▸ What the exercise asks
Could you set down the listing below exactly, leaving out its pictures?

[Opening Data for the task section]

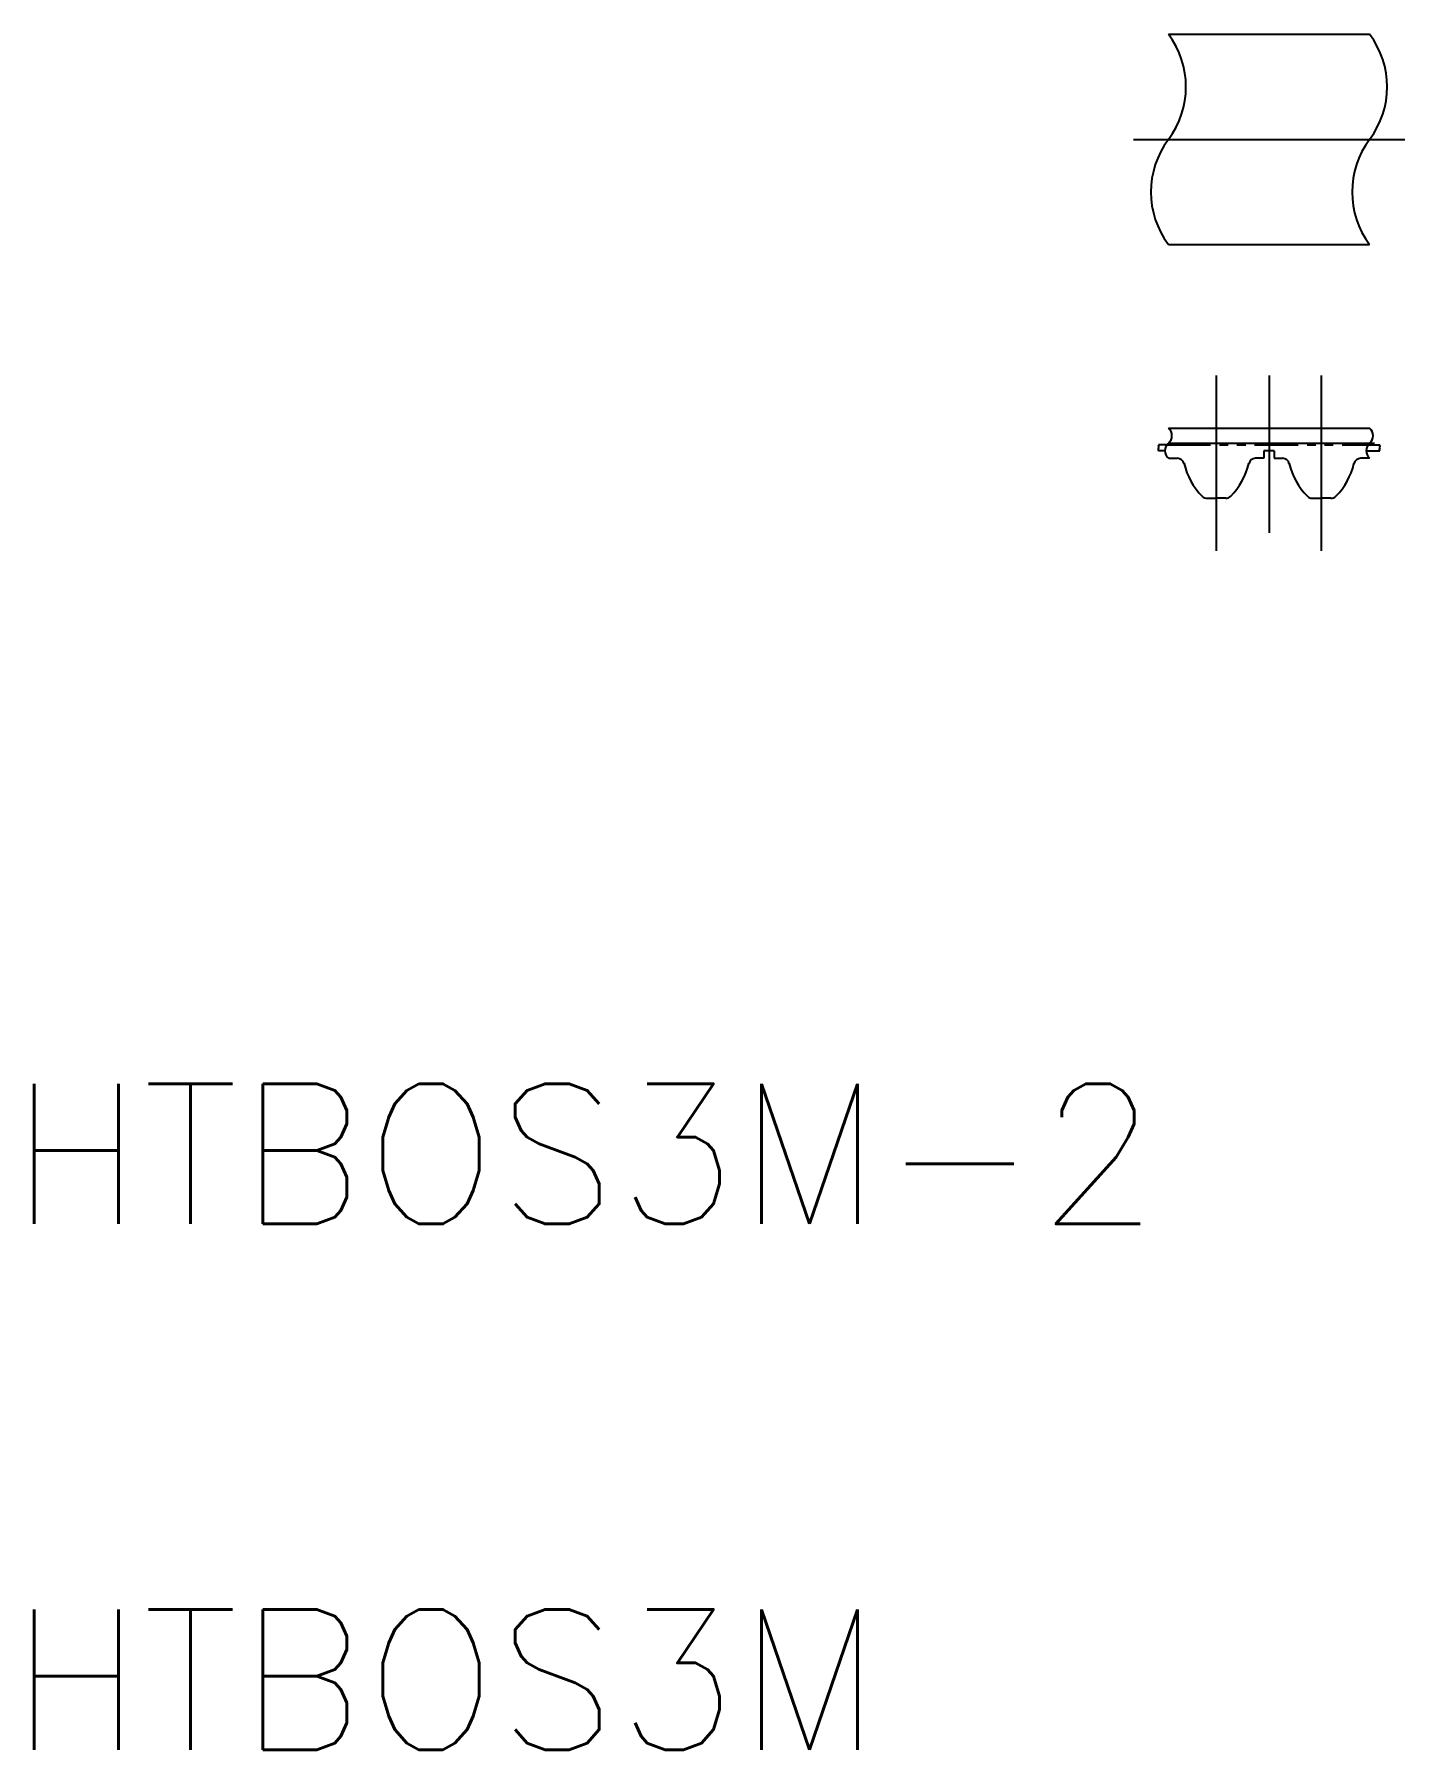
# Model space of a CAD drawing. Extents: x 121.9 to 161, y -7.8 to 41.2.
import ezdxf

# ---------------------------------------------------------------- set-up
doc = ezdxf.new("R2010")
doc.units = 0
doc.linetypes.add('CENTER', pattern=[17.5, 13, -1.5, 1.5, -1.5])
doc.linetypes.add('PHANTOM', pattern=[2.5, 1.25, -0.25, 0.25, -0.25, 0.25, -0.25])
doc.layers.get('0').update_dxf_attribs({"linetype": 'CONTINUOUS'})
doc.layers.add('CENTER', color=1, linetype='CENTER')
doc.styles.get("Standard").update_dxf_attribs({"font": 'txt.shx'})

msp = doc.modelspace()

# ---------------------------------------------------------------- linework, layer by layer
at = {"color": 7, "linetype": 'CONTINUOUS'}
for p, q in [((154.254, 41.178), (159.994, 41.178)), ((154.254, 35.178), (159.994, 35.178)), ((154.254, 29.941), (159.994, 29.941)), ((154.208, 29.462), (153.968, 29.462)), ((159.948, 29.462), (160.28, 29.462)), ((154.154, 29.291), (153.969, 29.29)), ((154.262, 29.081), (154.507, 29.081)), ((156.974, 29.081), (156.741, 29.081)), ((157.274, 29.291), (156.974, 29.291)), ((156.974, 29.291), (156.974, 29.081)), ((157.274, 29.291), (157.274, 29.081)), ((157.274, 29.081), (157.507, 29.081)), ((159.994, 29.081), (159.741, 29.081)), ((159.894, 29.291), (160.28, 29.291)), ((155.36, 27.941), (155.624, 27.941)), ((155.889, 27.941), (155.624, 27.941)), ((158.36, 27.941), (158.624, 27.941)), ((158.889, 27.941), (158.624, 27.941))]:
    msp.add_line(p, q, dxfattribs=at)
at = {"color": 3, "linetype": 'PHANTOM'}
msp.add_line((154.208, 29.462), (159.948, 29.462), dxfattribs=at)
at = {"color": 3, "linetype": 'CONTINUOUS'}
for centre, radius, start, end in [((152.254, 39.678), 2.5, 323.1301, 36.8699), ((157.994, 39.678), 2.5, 323.1301, 36.8699), ((156.254, 36.678), 2.5, 143.1301, 216.8699), ((161.994, 36.678), 2.5, 143.1301, 216.8699), ((154.073, 29.726), 0.281, 310.1122, 49.8878), ((159.812, 29.726), 0.281, 310.1122, 49.8878), ((154.055, 29.333), 0.0968, 153.7277, 206.2723), ((153.882, 29.419), 0.0968, 333.732, 26.268), ((154.435, 29.296), 0.281, 130.1122, 229.8878), ((160.175, 29.296), 0.281, 130.1122, 229.8878), ((160.367, 29.334), 0.0968, 153.7277, 206.2723), ((160.193, 29.42), 0.0968, 333.732, 26.268)]:
    msp.add_arc(centre, radius, start, end, dxfattribs=at)
at = {"color": 7, "linetype": 'CONTINUOUS'}
for centre, radius, start, end in [((154.507, 28.881), 0.2, 13.3186, 90), ((156.599, 29.377), 1.95, 193.3186, 224.9005), ((154.649, 29.377), 1.95, 315.0995, 346.6814), ((156.741, 28.881), 0.2, 90, 166.6814), ((157.507, 28.881), 0.2, 13.3186, 90), ((159.599, 29.377), 1.95, 193.3186, 224.9005), ((157.649, 29.377), 1.95, 315.0995, 346.6814), ((159.741, 28.881), 0.2, 90, 166.6814), ((155.36, 28.141), 0.2, 224.9005, 270), ((155.889, 28.141), 0.2, 270, 315.0995), ((158.36, 28.141), 0.2, 224.9005, 270), ((158.889, 28.141), 0.2, 270, 315.0995)]:
    msp.add_arc(centre, radius, start, end, dxfattribs=at)
at = {"layer": 'CENTER', "color": 1, "linetype": 'CENTER'}
for p, q in [((153.254, 38.178), (160.994, 38.178)), ((155.624, 26.441), (155.624, 31.441)), ((157.124, 31.441), (157.124, 26.951)), ((158.624, 26.441), (158.624, 31.441)), ((154.254, 29.511), (160.134, 29.511))]:
    msp.add_line(p, q, dxfattribs=at)

# ---------------------------------------------------------------- texts
at = {"color": 7, "linetype": 'CONTINUOUS'}
for s, p in [('HTBOS3M-2', (121.217, 7.236)), ('HTBOS3M', (121.217, -7.764))]:
    msp.add_text(s, height=4, dxfattribs=at).set_placement(p)

doc.saveas('drawing.dxf')

[Closing Data for the task section]

▸ Response to the task
# Model space of a CAD drawing. Extents: x 121.9 to 161, y -7.8 to 41.2.
import ezdxf

# ---------------------------------------------------------------- set-up
doc = ezdxf.new("R2010")
doc.units = 0
doc.linetypes.add('CENTER', pattern=[17.5, 13, -1.5, 1.5, -1.5])
doc.linetypes.add('PHANTOM', pattern=[2.5, 1.25, -0.25, 0.25, -0.25, 0.25, -0.25])
doc.layers.get('0').update_dxf_attribs({"linetype": 'CONTINUOUS'})
doc.layers.add('CENTER', color=1, linetype='CENTER')
doc.styles.get("Standard").update_dxf_attribs({"font": 'txt.shx'})

msp = doc.modelspace()

# ---------------------------------------------------------------- linework, layer by layer
at = {"color": 7, "linetype": 'CONTINUOUS'}
for p, q in [((154.254, 41.178), (159.994, 41.178)), ((154.254, 35.178), (159.994, 35.178)), ((154.254, 29.941), (159.994, 29.941)), ((154.208, 29.462), (153.968, 29.462)), ((159.948, 29.462), (160.28, 29.462)), ((154.154, 29.291), (153.969, 29.29)), ((154.262, 29.081), (154.507, 29.081)), ((156.974, 29.081), (156.741, 29.081)), ((157.274, 29.291), (156.974, 29.291)), ((156.974, 29.291), (156.974, 29.081)), ((157.274, 29.291), (157.274, 29.081)), ((157.274, 29.081), (157.507, 29.081)), ((159.994, 29.081), (159.741, 29.081)), ((159.894, 29.291), (160.28, 29.291)), ((155.36, 27.941), (155.624, 27.941)), ((155.889, 27.941), (155.624, 27.941)), ((158.36, 27.941), (158.624, 27.941)), ((158.889, 27.941), (158.624, 27.941))]:
    msp.add_line(p, q, dxfattribs=at)
at = {"color": 3, "linetype": 'PHANTOM'}
msp.add_line((154.208, 29.462), (159.948, 29.462), dxfattribs=at)
at = {"color": 3, "linetype": 'CONTINUOUS'}
for centre, radius, start, end in [((152.254, 39.678), 2.5, 323.1301, 36.8699), ((157.994, 39.678), 2.5, 323.1301, 36.8699), ((156.254, 36.678), 2.5, 143.1301, 216.8699), ((161.994, 36.678), 2.5, 143.1301, 216.8699), ((154.073, 29.726), 0.281, 310.1122, 49.8878), ((159.812, 29.726), 0.281, 310.1122, 49.8878), ((154.055, 29.333), 0.0968, 153.7277, 206.2723), ((153.882, 29.419), 0.0968, 333.732, 26.268), ((154.435, 29.296), 0.281, 130.1122, 229.8878), ((160.175, 29.296), 0.281, 130.1122, 229.8878), ((160.367, 29.334), 0.0968, 153.7277, 206.2723), ((160.193, 29.42), 0.0968, 333.732, 26.268)]:
    msp.add_arc(centre, radius, start, end, dxfattribs=at)
at = {"color": 7, "linetype": 'CONTINUOUS'}
for centre, radius, start, end in [((154.507, 28.881), 0.2, 13.3186, 90), ((156.599, 29.377), 1.95, 193.3186, 224.9005), ((154.649, 29.377), 1.95, 315.0995, 346.6814), ((156.741, 28.881), 0.2, 90, 166.6814), ((157.507, 28.881), 0.2, 13.3186, 90), ((159.599, 29.377), 1.95, 193.3186, 224.9005), ((157.649, 29.377), 1.95, 315.0995, 346.6814), ((159.741, 28.881), 0.2, 90, 166.6814), ((155.36, 28.141), 0.2, 224.9005, 270), ((155.889, 28.141), 0.2, 270, 315.0995), ((158.36, 28.141), 0.2, 224.9005, 270), ((158.889, 28.141), 0.2, 270, 315.0995)]:
    msp.add_arc(centre, radius, start, end, dxfattribs=at)
at = {"layer": 'CENTER', "color": 1, "linetype": 'CENTER'}
for p, q in [((153.254, 38.178), (160.994, 38.178)), ((155.624, 26.441), (155.624, 31.441)), ((157.124, 31.441), (157.124, 26.951)), ((158.624, 26.441), (158.624, 31.441)), ((154.254, 29.511), (160.134, 29.511))]:
    msp.add_line(p, q, dxfattribs=at)

# ---------------------------------------------------------------- texts
at = {"color": 7, "linetype": 'CONTINUOUS'}
for s, p in [('HTBOS3M-2', (121.217, 7.236)), ('HTBOS3M', (121.217, -7.764))]:
    msp.add_text(s, height=4, dxfattribs=at).set_placement(p)

doc.saveas('drawing.dxf')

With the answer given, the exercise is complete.